If you want to read one book on how to draw, this should be it. It has been in print since 1979 and is a real classic, as it teaches you not so much how to draw as how to LOOK. It proposes the idea that most people when trying to draw allow the part of their brain associated with linear reasoning and language to 'jump in' and tell them what it thinks they OUGHT to be drawing, making them less likely to really look. In Edwards' view, artistic ability isn't 'magic' or based entirely on good hand-to-eye coordination! Artists are simply people who seem to know how to suspend this part of their brain activity instinctively.

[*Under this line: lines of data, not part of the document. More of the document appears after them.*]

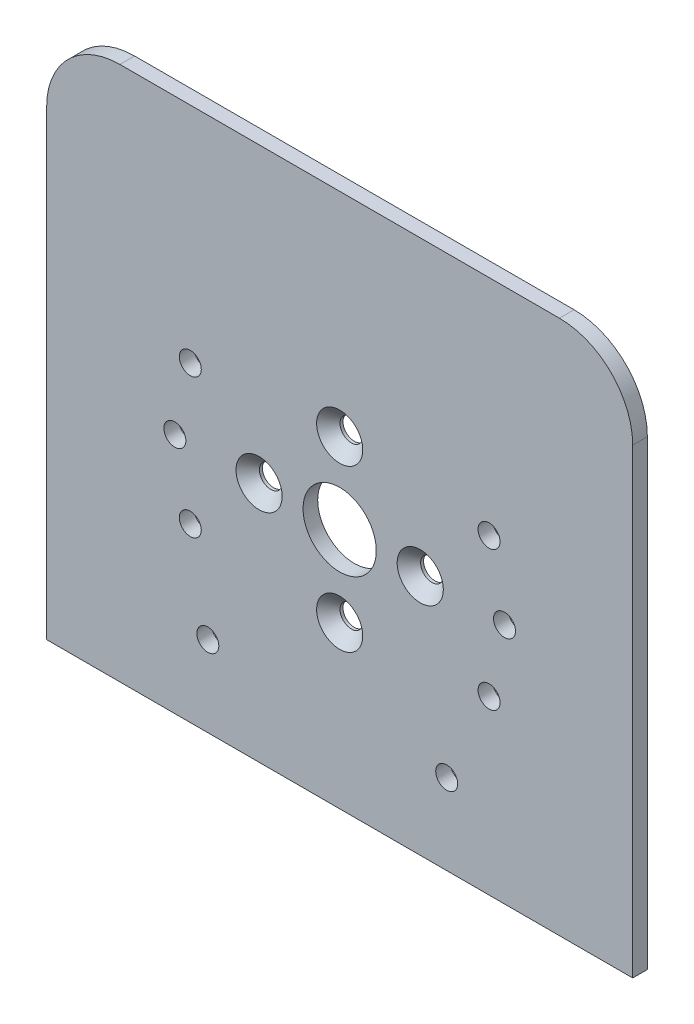
ISO-10303-21;
HEADER;
FILE_DESCRIPTION(('STEP AP214'),'2;1');
FILE_NAME('part.step','',(''),(''),'','','');
FILE_SCHEMA(('AUTOMOTIVE_DESIGN { 1 0 10303 214 1 1 1 1 }'));
ENDSEC;
DATA;
#1=APPLICATION_CONTEXT('core data for automotive mechanical design processes');
#2=APPLICATION_PROTOCOL_DEFINITION('international standard','automotive_design',2000,#1);
#3=PRODUCT_CONTEXT('',#1,'mechanical');
#4=PRODUCT('Part','Part','',(#3));
#5=PRODUCT_RELATED_PRODUCT_CATEGORY('part','',(#4));
#6=PRODUCT_DEFINITION_FORMATION('','',#4);
#7=PRODUCT_DEFINITION_CONTEXT('part definition',#1,'design');
#8=PRODUCT_DEFINITION('design','',#6,#7);
#9=PRODUCT_DEFINITION_SHAPE('','',#8);
#10=(LENGTH_UNIT() NAMED_UNIT(*) SI_UNIT(.MILLI.,.METRE.));
#11=(NAMED_UNIT(*) PLANE_ANGLE_UNIT() SI_UNIT($,.RADIAN.));
#12=(NAMED_UNIT(*) SI_UNIT($,.STERADIAN.) SOLID_ANGLE_UNIT());
#13=UNCERTAINTY_MEASURE_WITH_UNIT(LENGTH_MEASURE(1.E-05),#10,'distance_accuracy_value','');
#14=(GEOMETRIC_REPRESENTATION_CONTEXT(3) GLOBAL_UNCERTAINTY_ASSIGNED_CONTEXT((#13)) GLOBAL_UNIT_ASSIGNED_CONTEXT((#10,
#11,#12)) REPRESENTATION_CONTEXT('',''));
#15=CARTESIAN_POINT('',(0.,0.,0.));
#16=DIRECTION('',(0.,0.,1.));
#17=DIRECTION('',(1.,0.,0.));
#18=AXIS2_PLACEMENT_3D('',#15,#16,#17);
#19=CARTESIAN_POINT('',(0.,0.,-3.3));
#20=DIRECTION('',(0.,0.,1.));
#21=DIRECTION('',(1.,0.,0.));
#22=AXIS2_PLACEMENT_3D('',#19,#20,#21);
#23=PLANE('',#22);
#24=CARTESIAN_POINT('',(-20.3919252083246,-9.50891088916577,-3.3));
#25=DIRECTION('',(0.,0.,1.));
#26=DIRECTION('',(1.,0.,0.));
#27=AXIS2_PLACEMENT_3D('',#24,#25,#26);
#28=CIRCLE('',#27,1.5);
#29=CARTESIAN_POINT('',(-18.8919252083246,-9.50891088916577,-3.3));
#30=VERTEX_POINT('',#29);
#31=EDGE_CURVE('E229',#30,#30,#28,.T.);
#32=ORIENTED_EDGE('',*,*,#31,.T.);
#33=EDGE_LOOP('',(#32));
#34=FACE_BOUND('',#33,.T.);
#35=CARTESIAN_POINT('',(-22.5,0.,-3.3));
#36=DIRECTION('',(0.,0.,1.));
#37=DIRECTION('',(1.,0.,0.));
#38=AXIS2_PLACEMENT_3D('',#35,#36,#37);
#39=CIRCLE('',#38,1.5);
#40=CARTESIAN_POINT('',(-21.,0.,-3.3));
#41=VERTEX_POINT('',#40);
#42=EDGE_CURVE('E223',#41,#41,#39,.T.);
#43=ORIENTED_EDGE('',*,*,#42,.T.);
#44=EDGE_LOOP('',(#43));
#45=FACE_BOUND('',#44,.T.);
#46=CARTESIAN_POINT('',(-20.3919252083246,9.50891088916577,-3.3));
#47=DIRECTION('',(0.,0.,1.));
#48=DIRECTION('',(1.,0.,0.));
#49=AXIS2_PLACEMENT_3D('',#46,#47,#48);
#50=CIRCLE('',#49,1.5);
#51=CARTESIAN_POINT('',(-18.8919252083246,9.50891088916577,-3.3));
#52=VERTEX_POINT('',#51);
#53=EDGE_CURVE('E217',#52,#52,#50,.T.);
#54=ORIENTED_EDGE('',*,*,#53,.T.);
#55=EDGE_LOOP('',(#54));
#56=FACE_BOUND('',#55,.T.);
#57=CARTESIAN_POINT('',(20.3919252083246,-9.50891088916577,-3.3));
#58=DIRECTION('',(0.,0.,1.));
#59=DIRECTION('',(1.,0.,0.));
#60=AXIS2_PLACEMENT_3D('',#57,#58,#59);
#61=CIRCLE('',#60,1.5);
#62=CARTESIAN_POINT('',(21.8919252083246,-9.50891088916577,-3.3));
#63=VERTEX_POINT('',#62);
#64=EDGE_CURVE('E211',#63,#63,#61,.T.);
#65=ORIENTED_EDGE('',*,*,#64,.T.);
#66=EDGE_LOOP('',(#65));
#67=FACE_BOUND('',#66,.T.);
#68=CARTESIAN_POINT('',(22.5,0.,-3.3));
#69=DIRECTION('',(0.,0.,1.));
#70=DIRECTION('',(1.,0.,0.));
#71=AXIS2_PLACEMENT_3D('',#68,#69,#70);
#72=CIRCLE('',#71,1.5);
#73=CARTESIAN_POINT('',(24.,0.,-3.3));
#74=VERTEX_POINT('',#73);
#75=EDGE_CURVE('E205',#74,#74,#72,.T.);
#76=ORIENTED_EDGE('',*,*,#75,.T.);
#77=EDGE_LOOP('',(#76));
#78=FACE_BOUND('',#77,.T.);
#79=CARTESIAN_POINT('',(20.3919252083246,9.50891088916577,-3.3));
#80=DIRECTION('',(0.,0.,1.));
#81=DIRECTION('',(1.,0.,0.));
#82=AXIS2_PLACEMENT_3D('',#79,#80,#81);
#83=CIRCLE('',#82,1.5);
#84=CARTESIAN_POINT('',(21.8919252083246,9.50891088916577,-3.3));
#85=VERTEX_POINT('',#84);
#86=EDGE_CURVE('E199',#85,#85,#83,.T.);
#87=ORIENTED_EDGE('',*,*,#86,.T.);
#88=EDGE_LOOP('',(#87));
#89=FACE_BOUND('',#88,.T.);
#90=CARTESIAN_POINT('',(14.60943136,-22.,-3.3));
#91=DIRECTION('',(0.,0.,-1.));
#92=DIRECTION('',(-1.,0.,0.));
#93=AXIS2_PLACEMENT_3D('',#90,#91,#92);
#94=CIRCLE('',#93,1.49999999999999);
#95=CARTESIAN_POINT('',(13.10943136,-22.,-3.3));
#96=VERTEX_POINT('',#95);
#97=EDGE_CURVE('E196',#96,#96,#94,.T.);
#98=ORIENTED_EDGE('',*,*,#97,.F.);
#99=EDGE_LOOP('',(#98));
#100=FACE_BOUND('',#99,.T.);
#101=CARTESIAN_POINT('',(-18.,-22.,-3.3));
#102=DIRECTION('',(0.,0.,-1.));
#103=DIRECTION('',(-1.,0.,0.));
#104=AXIS2_PLACEMENT_3D('',#101,#102,#103);
#105=CIRCLE('',#104,1.49999999999999);
#106=CARTESIAN_POINT('',(-19.5,-22.,-3.3));
#107=VERTEX_POINT('',#106);
#108=EDGE_CURVE('E190',#107,#107,#105,.T.);
#109=ORIENTED_EDGE('',*,*,#108,.F.);
#110=EDGE_LOOP('',(#109));
#111=FACE_BOUND('',#110,.T.);
#112=CARTESIAN_POINT('',(-11.,0.,-3.3));
#113=DIRECTION('',(0.,0.,1.));
#114=DIRECTION('',(-1.,0.,0.));
#115=AXIS2_PLACEMENT_3D('',#112,#113,#114);
#116=CIRCLE('',#115,1.55);
#117=CARTESIAN_POINT('',(-12.55,0.,-3.3));
#118=VERTEX_POINT('',#117);
#119=EDGE_CURVE('E183',#118,#118,#116,.T.);
#120=ORIENTED_EDGE('',*,*,#119,.T.);
#121=EDGE_LOOP('',(#120));
#122=FACE_BOUND('',#121,.T.);
#123=CARTESIAN_POINT('',(1.15218884181823E-13,11.,-3.3));
#124=DIRECTION('',(0.,0.,1.));
#125=DIRECTION('',(0.,1.,0.));
#126=AXIS2_PLACEMENT_3D('',#123,#124,#125);
#127=CIRCLE('',#126,1.55);
#128=CARTESIAN_POINT('',(1.31454272407444E-13,12.55,-3.3));
#129=VERTEX_POINT('',#128);
#130=EDGE_CURVE('E174',#129,#129,#127,.T.);
#131=ORIENTED_EDGE('',*,*,#130,.T.);
#132=EDGE_LOOP('',(#131));
#133=FACE_BOUND('',#132,.T.);
#134=CARTESIAN_POINT('',(0.,-11.,-3.3));
#135=DIRECTION('',(0.,0.,1.));
#136=DIRECTION('',(0.,-1.,0.));
#137=AXIS2_PLACEMENT_3D('',#134,#135,#136);
#138=CIRCLE('',#137,1.55);
#139=CARTESIAN_POINT('',(0.,-12.55,-3.3));
#140=VERTEX_POINT('',#139);
#141=EDGE_CURVE('E163',#140,#140,#138,.T.);
#142=ORIENTED_EDGE('',*,*,#141,.T.);
#143=EDGE_LOOP('',(#142));
#144=FACE_BOUND('',#143,.T.);
#145=CARTESIAN_POINT('',(11.,0.,-3.3));
#146=DIRECTION('',(0.,0.,1.));
#147=DIRECTION('',(1.,0.,0.));
#148=AXIS2_PLACEMENT_3D('',#145,#146,#147);
#149=CIRCLE('',#148,1.55);
#150=CARTESIAN_POINT('',(12.55,0.,-3.3));
#151=VERTEX_POINT('',#150);
#152=EDGE_CURVE('E124',#151,#151,#149,.T.);
#153=ORIENTED_EDGE('',*,*,#152,.T.);
#154=EDGE_LOOP('',(#153));
#155=FACE_BOUND('',#154,.T.);
#156=DIRECTION('',(1.,0.,0.));
#157=VECTOR('',#156,1.);
#158=CARTESIAN_POINT('',(-40.,40.,-3.3));
#159=LINE('',#158,#157);
#160=CARTESIAN_POINT('',(-30.,40.,-3.3));
#161=VERTEX_POINT('',#160);
#162=CARTESIAN_POINT('',(30.,40.,-3.3));
#163=VERTEX_POINT('',#162);
#164=EDGE_CURVE('E97',#161,#163,#159,.T.);
#165=ORIENTED_EDGE('',*,*,#164,.T.);
#166=CARTESIAN_POINT('',(30.,30.,-3.3));
#167=DIRECTION('',(0.,0.,1.));
#168=DIRECTION('',(1.,0.,0.));
#169=AXIS2_PLACEMENT_3D('',#166,#167,#168);
#170=CIRCLE('',#169,10.);
#171=CARTESIAN_POINT('',(40.,30.,-3.3));
#172=VERTEX_POINT('',#171);
#173=EDGE_CURVE('E41',#163,#172,#170,.F.);
#174=ORIENTED_EDGE('',*,*,#173,.T.);
#175=DIRECTION('',(0.,-1.,0.));
#176=VECTOR('',#175,1.);
#177=CARTESIAN_POINT('',(40.,40.,-3.3));
#178=LINE('',#177,#176);
#179=CARTESIAN_POINT('',(40.,-33.,-3.3));
#180=VERTEX_POINT('',#179);
#181=EDGE_CURVE('E87',#172,#180,#178,.T.);
#182=ORIENTED_EDGE('',*,*,#181,.T.);
#183=DIRECTION('',(-1.,0.,0.));
#184=VECTOR('',#183,1.);
#185=CARTESIAN_POINT('',(-40.,-33.,-3.3));
#186=LINE('',#185,#184);
#187=CARTESIAN_POINT('',(-40.,-33.,-3.3));
#188=VERTEX_POINT('',#187);
#189=EDGE_CURVE('E91',#180,#188,#186,.T.);
#190=ORIENTED_EDGE('',*,*,#189,.T.);
#191=DIRECTION('',(0.,1.,0.));
#192=VECTOR('',#191,1.);
#193=CARTESIAN_POINT('',(-40.,40.,-3.3));
#194=LINE('',#193,#192);
#195=CARTESIAN_POINT('',(-40.,30.,-3.3));
#196=VERTEX_POINT('',#195);
#197=EDGE_CURVE('E122',#188,#196,#194,.T.);
#198=ORIENTED_EDGE('',*,*,#197,.T.);
#199=CARTESIAN_POINT('',(-30.,30.,-3.3));
#200=DIRECTION('',(0.,0.,1.));
#201=DIRECTION('',(1.,0.,0.));
#202=AXIS2_PLACEMENT_3D('',#199,#200,#201);
#203=CIRCLE('',#202,10.);
#204=EDGE_CURVE('E138',#196,#161,#203,.F.);
#205=ORIENTED_EDGE('',*,*,#204,.T.);
#206=EDGE_LOOP('',(#165,#174,#182,#190,#198,#205));
#207=FACE_BOUND('',#206,.T.);
#208=CARTESIAN_POINT('',(0.,0.,-3.3));
#209=DIRECTION('',(0.,0.,-1.));
#210=DIRECTION('',(-1.,0.,0.));
#211=AXIS2_PLACEMENT_3D('',#208,#209,#210);
#212=CIRCLE('',#211,5.);
#213=CARTESIAN_POINT('',(-5.,0.,-3.3));
#214=VERTEX_POINT('',#213);
#215=EDGE_CURVE('E118',#214,#214,#212,.T.);
#216=ORIENTED_EDGE('',*,*,#215,.F.);
#217=EDGE_LOOP('',(#216));
#218=FACE_BOUND('',#217,.T.);
#219=ADVANCED_FACE('F33',(#34,#45,#56,#67,#78,#89,#100,#111,#122,#133,#144,#155,#207,#218),#23,.F.);
#220=CARTESIAN_POINT('',(0.,0.,-1.3));
#221=DIRECTION('',(0.,0.,1.));
#222=DIRECTION('',(1.,0.,0.));
#223=AXIS2_PLACEMENT_3D('',#220,#221,#222);
#224=PLANE('',#223);
#225=CARTESIAN_POINT('',(-20.3919252083246,-9.50891088916577,-1.3));
#226=DIRECTION('',(0.,0.,1.));
#227=DIRECTION('',(1.,0.,0.));
#228=AXIS2_PLACEMENT_3D('',#225,#226,#227);
#229=CIRCLE('',#228,1.49999999999999);
#230=CARTESIAN_POINT('',(-18.8919252083246,-9.50891088916577,-1.3));
#231=VERTEX_POINT('',#230);
#232=EDGE_CURVE('E232',#231,#231,#229,.T.);
#233=ORIENTED_EDGE('',*,*,#232,.F.);
#234=EDGE_LOOP('',(#233));
#235=FACE_BOUND('',#234,.T.);
#236=CARTESIAN_POINT('',(-22.5,0.,-1.3));
#237=DIRECTION('',(0.,0.,1.));
#238=DIRECTION('',(1.,0.,0.));
#239=AXIS2_PLACEMENT_3D('',#236,#237,#238);
#240=CIRCLE('',#239,1.49999999999999);
#241=CARTESIAN_POINT('',(-21.,0.,-1.3));
#242=VERTEX_POINT('',#241);
#243=EDGE_CURVE('E226',#242,#242,#240,.T.);
#244=ORIENTED_EDGE('',*,*,#243,.F.);
#245=EDGE_LOOP('',(#244));
#246=FACE_BOUND('',#245,.T.);
#247=CARTESIAN_POINT('',(-20.3919252083246,9.50891088916577,-1.3));
#248=DIRECTION('',(0.,0.,1.));
#249=DIRECTION('',(1.,0.,0.));
#250=AXIS2_PLACEMENT_3D('',#247,#248,#249);
#251=CIRCLE('',#250,1.49999999999999);
#252=CARTESIAN_POINT('',(-18.8919252083246,9.50891088916577,-1.3));
#253=VERTEX_POINT('',#252);
#254=EDGE_CURVE('E220',#253,#253,#251,.T.);
#255=ORIENTED_EDGE('',*,*,#254,.F.);
#256=EDGE_LOOP('',(#255));
#257=FACE_BOUND('',#256,.T.);
#258=CARTESIAN_POINT('',(20.3919252083246,-9.50891088916577,-1.3));
#259=DIRECTION('',(0.,0.,1.));
#260=DIRECTION('',(1.,0.,0.));
#261=AXIS2_PLACEMENT_3D('',#258,#259,#260);
#262=CIRCLE('',#261,1.49999999999999);
#263=CARTESIAN_POINT('',(21.8919252083246,-9.50891088916577,-1.3));
#264=VERTEX_POINT('',#263);
#265=EDGE_CURVE('E214',#264,#264,#262,.T.);
#266=ORIENTED_EDGE('',*,*,#265,.F.);
#267=EDGE_LOOP('',(#266));
#268=FACE_BOUND('',#267,.T.);
#269=CARTESIAN_POINT('',(22.5,0.,-1.3));
#270=DIRECTION('',(0.,0.,1.));
#271=DIRECTION('',(1.,0.,0.));
#272=AXIS2_PLACEMENT_3D('',#269,#270,#271);
#273=CIRCLE('',#272,1.49999999999999);
#274=CARTESIAN_POINT('',(24.,0.,-1.3));
#275=VERTEX_POINT('',#274);
#276=EDGE_CURVE('E208',#275,#275,#273,.T.);
#277=ORIENTED_EDGE('',*,*,#276,.F.);
#278=EDGE_LOOP('',(#277));
#279=FACE_BOUND('',#278,.T.);
#280=CARTESIAN_POINT('',(20.3919252083246,9.50891088916577,-1.3));
#281=DIRECTION('',(0.,0.,1.));
#282=DIRECTION('',(1.,0.,0.));
#283=AXIS2_PLACEMENT_3D('',#280,#281,#282);
#284=CIRCLE('',#283,1.49999999999999);
#285=CARTESIAN_POINT('',(21.8919252083246,9.50891088916577,-1.3));
#286=VERTEX_POINT('',#285);
#287=EDGE_CURVE('E202',#286,#286,#284,.T.);
#288=ORIENTED_EDGE('',*,*,#287,.F.);
#289=EDGE_LOOP('',(#288));
#290=FACE_BOUND('',#289,.T.);
#291=CARTESIAN_POINT('',(14.60943136,-22.,-1.3));
#292=DIRECTION('',(0.,0.,-1.));
#293=DIRECTION('',(-1.,0.,0.));
#294=AXIS2_PLACEMENT_3D('',#291,#292,#293);
#295=CIRCLE('',#294,1.5);
#296=CARTESIAN_POINT('',(13.10943136,-22.,-1.3));
#297=VERTEX_POINT('',#296);
#298=EDGE_CURVE('E193',#297,#297,#295,.T.);
#299=ORIENTED_EDGE('',*,*,#298,.T.);
#300=EDGE_LOOP('',(#299));
#301=FACE_BOUND('',#300,.T.);
#302=CARTESIAN_POINT('',(-18.,-22.,-1.3));
#303=DIRECTION('',(0.,0.,-1.));
#304=DIRECTION('',(-1.,0.,0.));
#305=AXIS2_PLACEMENT_3D('',#302,#303,#304);
#306=CIRCLE('',#305,1.5);
#307=CARTESIAN_POINT('',(-19.5,-22.,-1.3));
#308=VERTEX_POINT('',#307);
#309=EDGE_CURVE('E180',#308,#308,#306,.T.);
#310=ORIENTED_EDGE('',*,*,#309,.T.);
#311=EDGE_LOOP('',(#310));
#312=FACE_BOUND('',#311,.T.);
#313=CARTESIAN_POINT('',(-11.,0.,-1.3));
#314=DIRECTION('',(0.,0.,1.));
#315=DIRECTION('',(-1.,0.,0.));
#316=AXIS2_PLACEMENT_3D('',#313,#314,#315);
#317=CIRCLE('',#316,3.15);
#318=CARTESIAN_POINT('',(-14.15,0.,-1.3));
#319=VERTEX_POINT('',#318);
#320=EDGE_CURVE('E173',#319,#319,#317,.T.);
#321=ORIENTED_EDGE('',*,*,#320,.F.);
#322=EDGE_LOOP('',(#321));
#323=FACE_BOUND('',#322,.T.);
#324=CARTESIAN_POINT('',(1.15218884181823E-13,11.,-1.3));
#325=DIRECTION('',(0.,0.,1.));
#326=DIRECTION('',(0.,1.,0.));
#327=AXIS2_PLACEMENT_3D('',#324,#325,#326);
#328=CIRCLE('',#327,3.15);
#329=CARTESIAN_POINT('',(1.48213382833891E-13,14.15,-1.3));
#330=VERTEX_POINT('',#329);
#331=EDGE_CURVE('E177',#330,#330,#328,.T.);
#332=ORIENTED_EDGE('',*,*,#331,.F.);
#333=EDGE_LOOP('',(#332));
#334=FACE_BOUND('',#333,.T.);
#335=CARTESIAN_POINT('',(0.,-11.,-1.3));
#336=DIRECTION('',(0.,0.,1.));
#337=DIRECTION('',(0.,-1.,0.));
#338=AXIS2_PLACEMENT_3D('',#335,#336,#337);
#339=CIRCLE('',#338,3.15);
#340=CARTESIAN_POINT('',(0.,-14.15,-1.3));
#341=VERTEX_POINT('',#340);
#342=EDGE_CURVE('E166',#341,#341,#339,.T.);
#343=ORIENTED_EDGE('',*,*,#342,.F.);
#344=EDGE_LOOP('',(#343));
#345=FACE_BOUND('',#344,.T.);
#346=CARTESIAN_POINT('',(11.,0.,-1.3));
#347=DIRECTION('',(0.,0.,1.));
#348=DIRECTION('',(1.,0.,0.));
#349=AXIS2_PLACEMENT_3D('',#346,#347,#348);
#350=CIRCLE('',#349,3.15);
#351=CARTESIAN_POINT('',(14.15,0.,-1.3));
#352=VERTEX_POINT('',#351);
#353=EDGE_CURVE('E157',#352,#352,#350,.T.);
#354=ORIENTED_EDGE('',*,*,#353,.F.);
#355=EDGE_LOOP('',(#354));
#356=FACE_BOUND('',#355,.T.);
#357=DIRECTION('',(0.,-1.,0.));
#358=VECTOR('',#357,1.);
#359=CARTESIAN_POINT('',(40.,40.,-1.3));
#360=LINE('',#359,#358);
#361=CARTESIAN_POINT('',(40.,30.,-1.3));
#362=VERTEX_POINT('',#361);
#363=CARTESIAN_POINT('',(40.,-33.,-1.3));
#364=VERTEX_POINT('',#363);
#365=EDGE_CURVE('E103',#362,#364,#360,.T.);
#366=ORIENTED_EDGE('',*,*,#365,.F.);
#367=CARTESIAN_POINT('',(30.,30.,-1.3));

A good example is the exercise below - the book reproduces this drawing of Igor Stravinsky by Picasso (_Musee Picasso_, 1920) . It asks you to copy the drawing firstly the right way up, and then upside down. Most people will find that the drawing they did upside down is far more accurate! This is because when the drawing is the wrong way up, your brain will be unable to identify the separate features of the face or parts of the body and therefore to impose any preconceptions about what those things should look like. All you will be able to register instead are abstract lines, and so you are likely to find yourself mentally measuring the distances between them and deciding where they ought to be placed on the page far more accurately. The exercise teaches you that drawing is about constantly mentally measuring, sizing up and comparing shapes and lines. If you aren't doing that, then you aren't likely to produce an accurate drawing.









 
3. LEARN TO SEE ABSTRACTLY


This is really a good summary of the lessons above, and it's what I try to do when I draw. I aim to entirely forget that I am drawing an eye, nose, mouth and so on and instead try to simply see the image I am copying as an abstract collection of lines and different shapes of light or dark. After I've loosely sketched in the lines of the portrait I will first fill in the pupils of the eyes, as these are almost always the darkest areas of tones that you will see. Then I'll dart around the image looking for all the darkest areas of tones - these may be in the nostrils, or the hair for instance. I find this a useful method as when I next turn my attention to the lighter tones I will have something to compare them to. Sometimes if I'm really stuck and can't see what's wrong I will turn both my portrait and my reference picture upside down! This will usually help me to see exactly which shapes have been drawn or painted incorrectly. As with lines and shapes, try never to make assumptions about areas of light and dark! For example people tend to assume that the whites of the eyes or the teeth will be the brightest parts of the face. In fact these areas are usually a little shadowed, with bright areas of highlights. 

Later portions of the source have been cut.